Records from a data source:

# # #

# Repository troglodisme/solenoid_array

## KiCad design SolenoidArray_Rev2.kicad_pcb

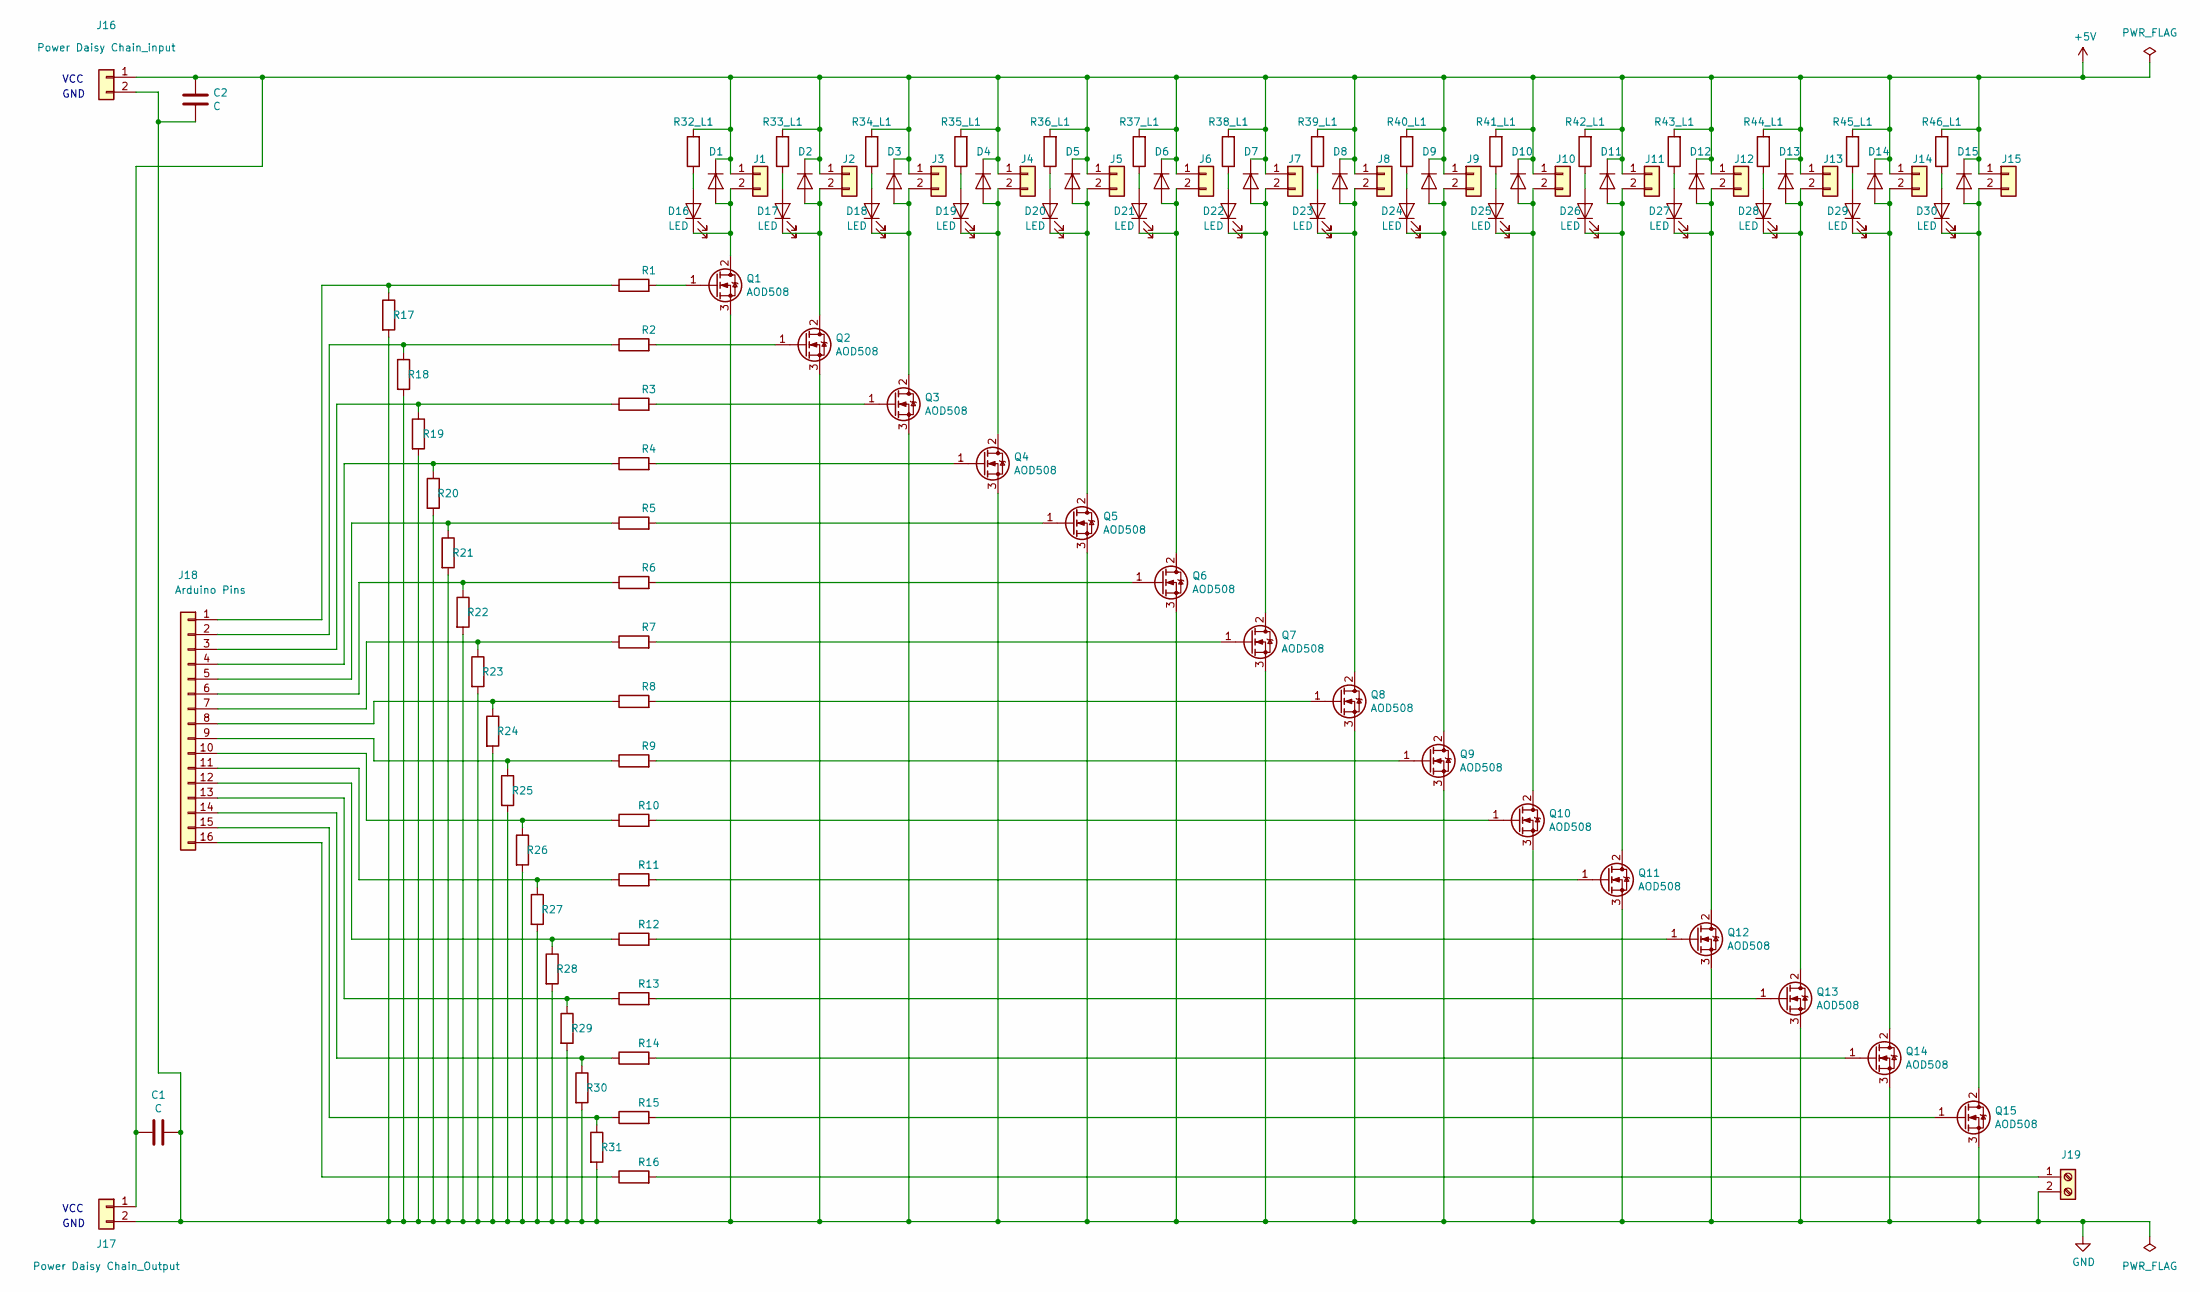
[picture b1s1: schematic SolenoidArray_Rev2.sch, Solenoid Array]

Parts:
C1, C2: C; C_1210_3225Metric_Pad1.42x2.65mm_HandSolder
D1, D2, D3, D4, D5, D6, D7, D8, D9, D10, D11, D12, D13, D14, D15: 1N4004; D_1210_3225Metric_Pad1.42x2.65mm_HandSolder
D16, D17, D18, D19, D20, D21, D22, D23, D24, D25, D26, D27, D28, D29, D30: LED; LED_1210_3225Metric_Pad1.42x2.65mm_HandSolder
J1, J2, J3, J4, J5, J6, J7, J8, J9, J10, J11, J12, J13, J14, J15: Conn_01x02; JST_PH_S2B-PH-K_1x02_P2.00mm_Horizontal
J16: Power Daisy Chain_input; JST_PH_S2B-PH-K_1x02_P2.00mm_Horizontal
J17: Power Daisy Chain_Output; JST_PH_S2B-PH-K_1x02_P2.00mm_Horizontal
J18: Arduino Pins; IDC-Header_2x08_P2.54mm_Vertical
J19: Screw_Terminal_01x02; TerminalBlock_TE_282834-2_1x02_P2.54mm_Horizontal
Q1, Q2, Q3, Q4, Q5, Q6, Q7, Q8, Q9, Q10, Q11, Q12, Q13, Q14, Q15: AOD508; TO252 (DPAK)
R1, R2, R3, R4, R5, R6, R7, R8, R9, R10, R11, R12, R13, R14, R15, R16, R17, R18, R19, R20, R21, R22, R23, R24, R25, R26, R27, R28, R29, R30, R31, R32_L1, R33_L1, R34_L1, R35_L1, R36_L1, R37_L1, R38_L1, R39_L1, R40_L1, R41_L1, R42_L1, R43_L1, R44_L1, R45_L1, R46_L1: R; R_1210_3225Metric_Pad1.42x2.65mm_HandSolder

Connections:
+5V: C1.2, C2.2, D1.1 (K), D2.1 (K), D3.1 (K), D4.1 (K), D5.1 (K), D6.1 (K), D7.1 (K), D8.1 (K), D9.1 (K), D10.1 (K), D11.1 (K), D12.1 (K), D13.1 (K), D14.1 (K), D15.1 (K), J1.1, J2.1, J3.1, J4.1, J5.1, J6.1, J7.1, J8.1, J9.1, J10.1, J11.1, J12.1, J13.1, J14.1, J15.1, J16.1, J17.1, R32_L1.2, R33_L1.2, R34_L1.2, R35_L1.2, R36_L1.2, R37_L1.2, R38_L1.2, R39_L1.2, R40_L1.2, R41_L1.2, R42_L1.2, R43_L1.2, R44_L1.2, R45_L1.2, R46_L1.2
GND: C1.1, C2.1, J16.2, J17.2, J19.2, Q1.3 (S), Q2.3 (S), Q3.3 (S), Q4.3 (S), Q5.3 (S), Q6.3 (S), Q7.3 (S), Q8.3 (S), Q9.3 (S), Q10.3 (S), Q11.3 (S), Q12.3 (S), Q13.3 (S), Q14.3 (S), Q15.3 (S), R17.2, R18.2, R19.2, R20.2, R21.2, R22.2, R23.2, R24.2, R25.2, R26.2, R27.2, R28.2, R29.2, R30.2, R31.2
unnamed: D1.2 (A), D16.1 (K), J1.2, Q1.2 (D)
unnamed: D10.2 (A), D25.1 (K), J10.2, Q10.2 (D)
unnamed: D11.2 (A), D26.1 (K), J11.2, Q11.2 (D)
unnamed: D12.2 (A), D27.1 (K), J12.2, Q12.2 (D)
unnamed: D13.2 (A), D28.1 (K), J13.2, Q13.2 (D)
unnamed: D14.2 (A), D29.1 (K), J14.2, Q14.2 (D)
unnamed: D15.2 (A), D30.1 (K), J15.2, Q15.2 (D)
unnamed: D16.2 (A), R32_L1.1
unnamed: D2.2 (A), D17.1 (K), J2.2, Q2.2 (D)
unnamed: D17.2 (A), R33_L1.1
unnamed: D3.2 (A), D18.1 (K), J3.2, Q3.2 (D)
unnamed: D18.2 (A), R34_L1.1
unnamed: D4.2 (A), D19.1 (K), J4.2, Q4.2 (D)
unnamed: D19.2 (A), R35_L1.1
unnamed: D5.2 (A), D20.1 (K), J5.2, Q5.2 (D)
unnamed: D20.2 (A), R36_L1.1
unnamed: D6.2 (A), D21.1 (K), J6.2, Q6.2 (D)
unnamed: D21.2 (A), R37_L1.1
unnamed: D7.2 (A), D22.1 (K), J7.2, Q7.2 (D)
unnamed: D22.2 (A), R38_L1.1
unnamed: D8.2 (A), D23.1 (K), J8.2, Q8.2 (D)
unnamed: D23.2 (A), R39_L1.1
unnamed: D9.2 (A), D24.1 (K), J9.2, Q9.2 (D)
unnamed: D24.2 (A), R40_L1.1
unnamed: D25.2 (A), R41_L1.1
unnamed: D26.2 (A), R42_L1.1
unnamed: D27.2 (A), R43_L1.1
unnamed: D28.2 (A), R44_L1.1
unnamed: D29.2 (A), R45_L1.1
unnamed: D30.2 (A), R46_L1.1
unnamed: J18.1, R1.1, R17.1
unnamed: J18.2, R2.1, R18.1
unnamed: J18.3, R3.1, R19.1
unnamed: J18.4, R4.1, R20.1
unnamed: J18.5, R5.1, R21.1
unnamed: J18.6, R6.1, R22.1
unnamed: J18.7, R7.1, R23.1
unnamed: J18.8, R8.1, R24.1
unnamed: J18.9, R9.1, R25.1
unnamed: J18.10, R10.1, R26.1
unnamed: J18.11, R11.1, R27.1
unnamed: J18.12, R12.1, R28.1
unnamed: J18.13, R13.1, R29.1
unnamed: J18.14, R14.1, R30.1
unnamed: J18.15, R15.1, R31.1
unnamed: J18.16, R16.1
unnamed: J19.1, R16.2
unnamed: Q1.1 (G), R1.2
unnamed: Q2.1 (G), R2.2
unnamed: Q3.1 (G), R3.2
unnamed: Q4.1 (G), R4.2
unnamed: Q5.1 (G), R5.2
unnamed: Q6.1 (G), R6.2
unnamed: Q7.1 (G), R7.2
unnamed: Q8.1 (G), R8.2
unnamed: Q9.1 (G), R9.2
unnamed: Q10.1 (G), R10.2
unnamed: Q11.1 (G), R11.2
unnamed: Q12.1 (G), R12.2
unnamed: Q13.1 (G), R13.2
unnamed: Q14.1 (G), R14.2
unnamed: Q15.1 (G), R15.2

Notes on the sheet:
GND
VCC

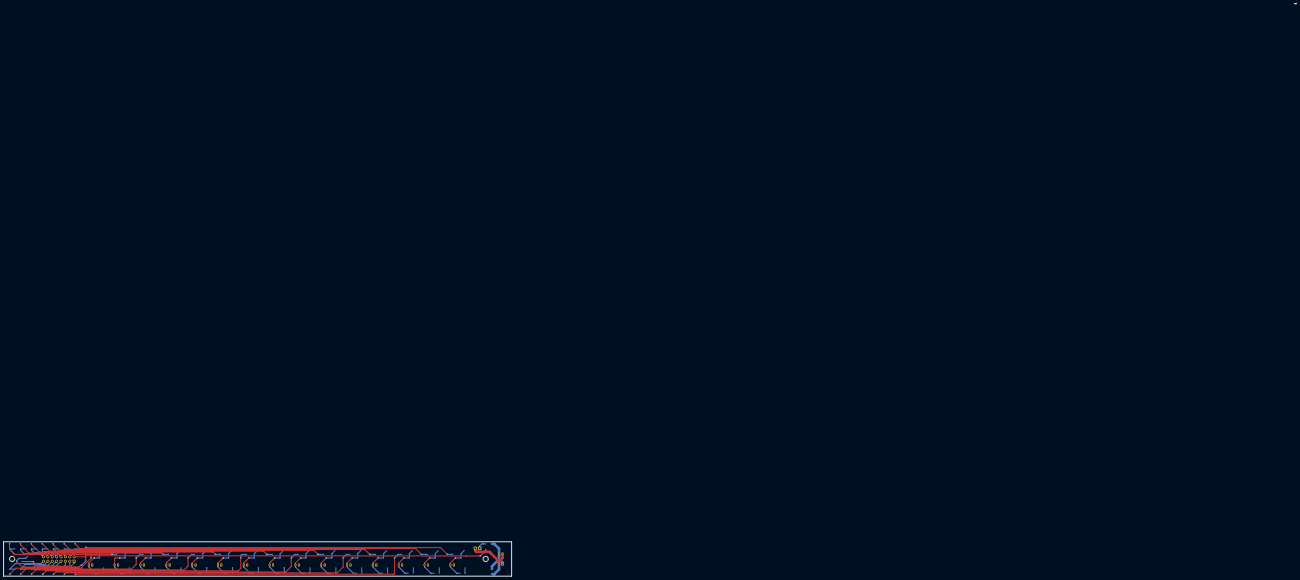
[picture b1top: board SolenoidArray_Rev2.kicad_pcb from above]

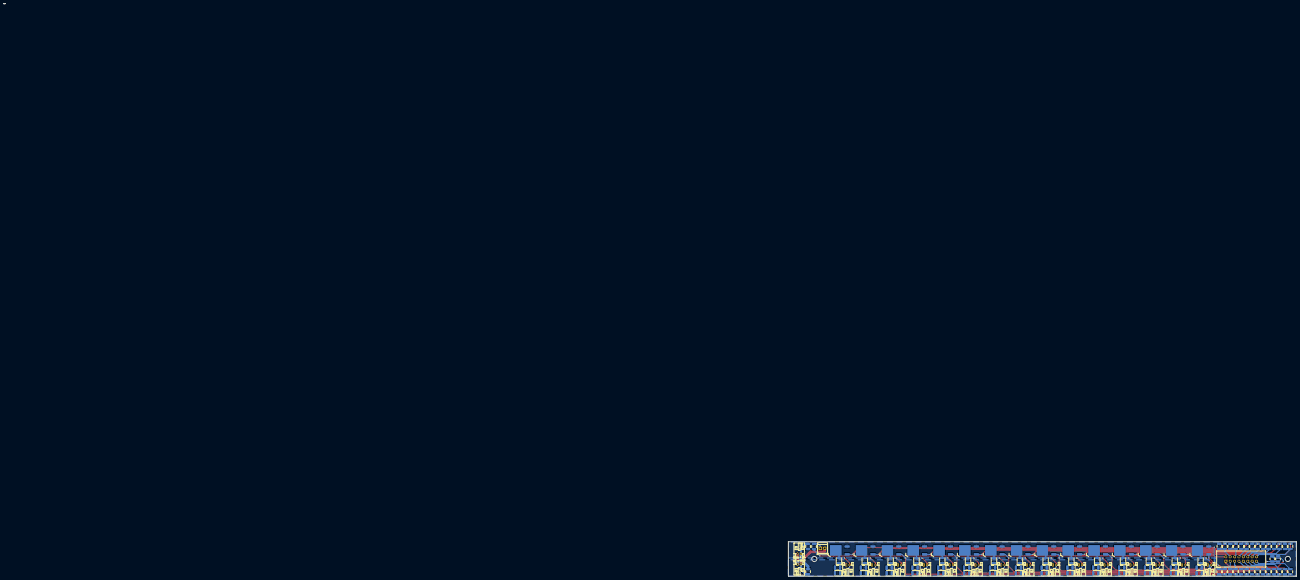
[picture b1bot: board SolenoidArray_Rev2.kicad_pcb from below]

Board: 2 copper layers, 295.0 x 20.0 mm, 112 parts (112 on the bottom side), 64 nets.

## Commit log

2020-05-07 First upload
2020-05-07 Moved right hole to correct position
2020-05-09 Schematic and PCB Rev2

# # #

§ **TASK OBJECTIVE**: Make an exact copy of every entry above, minus the images.

§ **RESPONSE BELOW**:
# Repository troglodisme/solenoid_array

## KiCad design SolenoidArray_Rev2.kicad_pcb

[picture b1s1: schematic SolenoidArray_Rev2.sch, Solenoid Array]

Parts:
C1, C2: C; C_1210_3225Metric_Pad1.42x2.65mm_HandSolder
D1, D2, D3, D4, D5, D6, D7, D8, D9, D10, D11, D12, D13, D14, D15: 1N4004; D_1210_3225Metric_Pad1.42x2.65mm_HandSolder
D16, D17, D18, D19, D20, D21, D22, D23, D24, D25, D26, D27, D28, D29, D30: LED; LED_1210_3225Metric_Pad1.42x2.65mm_HandSolder
J1, J2, J3, J4, J5, J6, J7, J8, J9, J10, J11, J12, J13, J14, J15: Conn_01x02; JST_PH_S2B-PH-K_1x02_P2.00mm_Horizontal
J16: Power Daisy Chain_input; JST_PH_S2B-PH-K_1x02_P2.00mm_Horizontal
J17: Power Daisy Chain_Output; JST_PH_S2B-PH-K_1x02_P2.00mm_Horizontal
J18: Arduino Pins; IDC-Header_2x08_P2.54mm_Vertical
J19: Screw_Terminal_01x02; TerminalBlock_TE_282834-2_1x02_P2.54mm_Horizontal
Q1, Q2, Q3, Q4, Q5, Q6, Q7, Q8, Q9, Q10, Q11, Q12, Q13, Q14, Q15: AOD508; TO252 (DPAK)
R1, R2, R3, R4, R5, R6, R7, R8, R9, R10, R11, R12, R13, R14, R15, R16, R17, R18, R19, R20, R21, R22, R23, R24, R25, R26, R27, R28, R29, R30, R31, R32_L1, R33_L1, R34_L1, R35_L1, R36_L1, R37_L1, R38_L1, R39_L1, R40_L1, R41_L1, R42_L1, R43_L1, R44_L1, R45_L1, R46_L1: R; R_1210_3225Metric_Pad1.42x2.65mm_HandSolder

Connections:
+5V: C1.2, C2.2, D1.1 (K), D2.1 (K), D3.1 (K), D4.1 (K), D5.1 (K), D6.1 (K), D7.1 (K), D8.1 (K), D9.1 (K), D10.1 (K), D11.1 (K), D12.1 (K), D13.1 (K), D14.1 (K), D15.1 (K), J1.1, J2.1, J3.1, J4.1, J5.1, J6.1, J7.1, J8.1, J9.1, J10.1, J11.1, J12.1, J13.1, J14.1, J15.1, J16.1, J17.1, R32_L1.2, R33_L1.2, R34_L1.2, R35_L1.2, R36_L1.2, R37_L1.2, R38_L1.2, R39_L1.2, R40_L1.2, R41_L1.2, R42_L1.2, R43_L1.2, R44_L1.2, R45_L1.2, R46_L1.2
GND: C1.1, C2.1, J16.2, J17.2, J19.2, Q1.3 (S), Q2.3 (S), Q3.3 (S), Q4.3 (S), Q5.3 (S), Q6.3 (S), Q7.3 (S), Q8.3 (S), Q9.3 (S), Q10.3 (S), Q11.3 (S), Q12.3 (S), Q13.3 (S), Q14.3 (S), Q15.3 (S), R17.2, R18.2, R19.2, R20.2, R21.2, R22.2, R23.2, R24.2, R25.2, R26.2, R27.2, R28.2, R29.2, R30.2, R31.2
unnamed: D1.2 (A), D16.1 (K), J1.2, Q1.2 (D)
unnamed: D10.2 (A), D25.1 (K), J10.2, Q10.2 (D)
unnamed: D11.2 (A), D26.1 (K), J11.2, Q11.2 (D)
unnamed: D12.2 (A), D27.1 (K), J12.2, Q12.2 (D)
unnamed: D13.2 (A), D28.1 (K), J13.2, Q13.2 (D)
unnamed: D14.2 (A), D29.1 (K), J14.2, Q14.2 (D)
unnamed: D15.2 (A), D30.1 (K), J15.2, Q15.2 (D)
unnamed: D16.2 (A), R32_L1.1
unnamed: D2.2 (A), D17.1 (K), J2.2, Q2.2 (D)
unnamed: D17.2 (A), R33_L1.1
unnamed: D3.2 (A), D18.1 (K), J3.2, Q3.2 (D)
unnamed: D18.2 (A), R34_L1.1
unnamed: D4.2 (A), D19.1 (K), J4.2, Q4.2 (D)
unnamed: D19.2 (A), R35_L1.1
unnamed: D5.2 (A), D20.1 (K), J5.2, Q5.2 (D)
unnamed: D20.2 (A), R36_L1.1
unnamed: D6.2 (A), D21.1 (K), J6.2, Q6.2 (D)
unnamed: D21.2 (A), R37_L1.1
unnamed: D7.2 (A), D22.1 (K), J7.2, Q7.2 (D)
unnamed: D22.2 (A), R38_L1.1
unnamed: D8.2 (A), D23.1 (K), J8.2, Q8.2 (D)
unnamed: D23.2 (A), R39_L1.1
unnamed: D9.2 (A), D24.1 (K), J9.2, Q9.2 (D)
unnamed: D24.2 (A), R40_L1.1
unnamed: D25.2 (A), R41_L1.1
unnamed: D26.2 (A), R42_L1.1
unnamed: D27.2 (A), R43_L1.1
unnamed: D28.2 (A), R44_L1.1
unnamed: D29.2 (A), R45_L1.1
unnamed: D30.2 (A), R46_L1.1
unnamed: J18.1, R1.1, R17.1
unnamed: J18.2, R2.1, R18.1
unnamed: J18.3, R3.1, R19.1
unnamed: J18.4, R4.1, R20.1
unnamed: J18.5, R5.1, R21.1
unnamed: J18.6, R6.1, R22.1
unnamed: J18.7, R7.1, R23.1
unnamed: J18.8, R8.1, R24.1
unnamed: J18.9, R9.1, R25.1
unnamed: J18.10, R10.1, R26.1
unnamed: J18.11, R11.1, R27.1
unnamed: J18.12, R12.1, R28.1
unnamed: J18.13, R13.1, R29.1
unnamed: J18.14, R14.1, R30.1
unnamed: J18.15, R15.1, R31.1
unnamed: J18.16, R16.1
unnamed: J19.1, R16.2
unnamed: Q1.1 (G), R1.2
unnamed: Q2.1 (G), R2.2
unnamed: Q3.1 (G), R3.2
unnamed: Q4.1 (G), R4.2
unnamed: Q5.1 (G), R5.2
unnamed: Q6.1 (G), R6.2
unnamed: Q7.1 (G), R7.2
unnamed: Q8.1 (G), R8.2
unnamed: Q9.1 (G), R9.2
unnamed: Q10.1 (G), R10.2
unnamed: Q11.1 (G), R11.2
unnamed: Q12.1 (G), R12.2
unnamed: Q13.1 (G), R13.2
unnamed: Q14.1 (G), R14.2
unnamed: Q15.1 (G), R15.2

Notes on the sheet:
GND
VCC

[picture b1top: board SolenoidArray_Rev2.kicad_pcb from above]

[picture b1bot: board SolenoidArray_Rev2.kicad_pcb from below]

Board: 2 copper layers, 295.0 x 20.0 mm, 112 parts (112 on the bottom side), 64 nets.

## Commit log

2020-05-07 First upload
2020-05-07 Moved right hole to correct position
2020-05-09 Schematic and PCB Rev2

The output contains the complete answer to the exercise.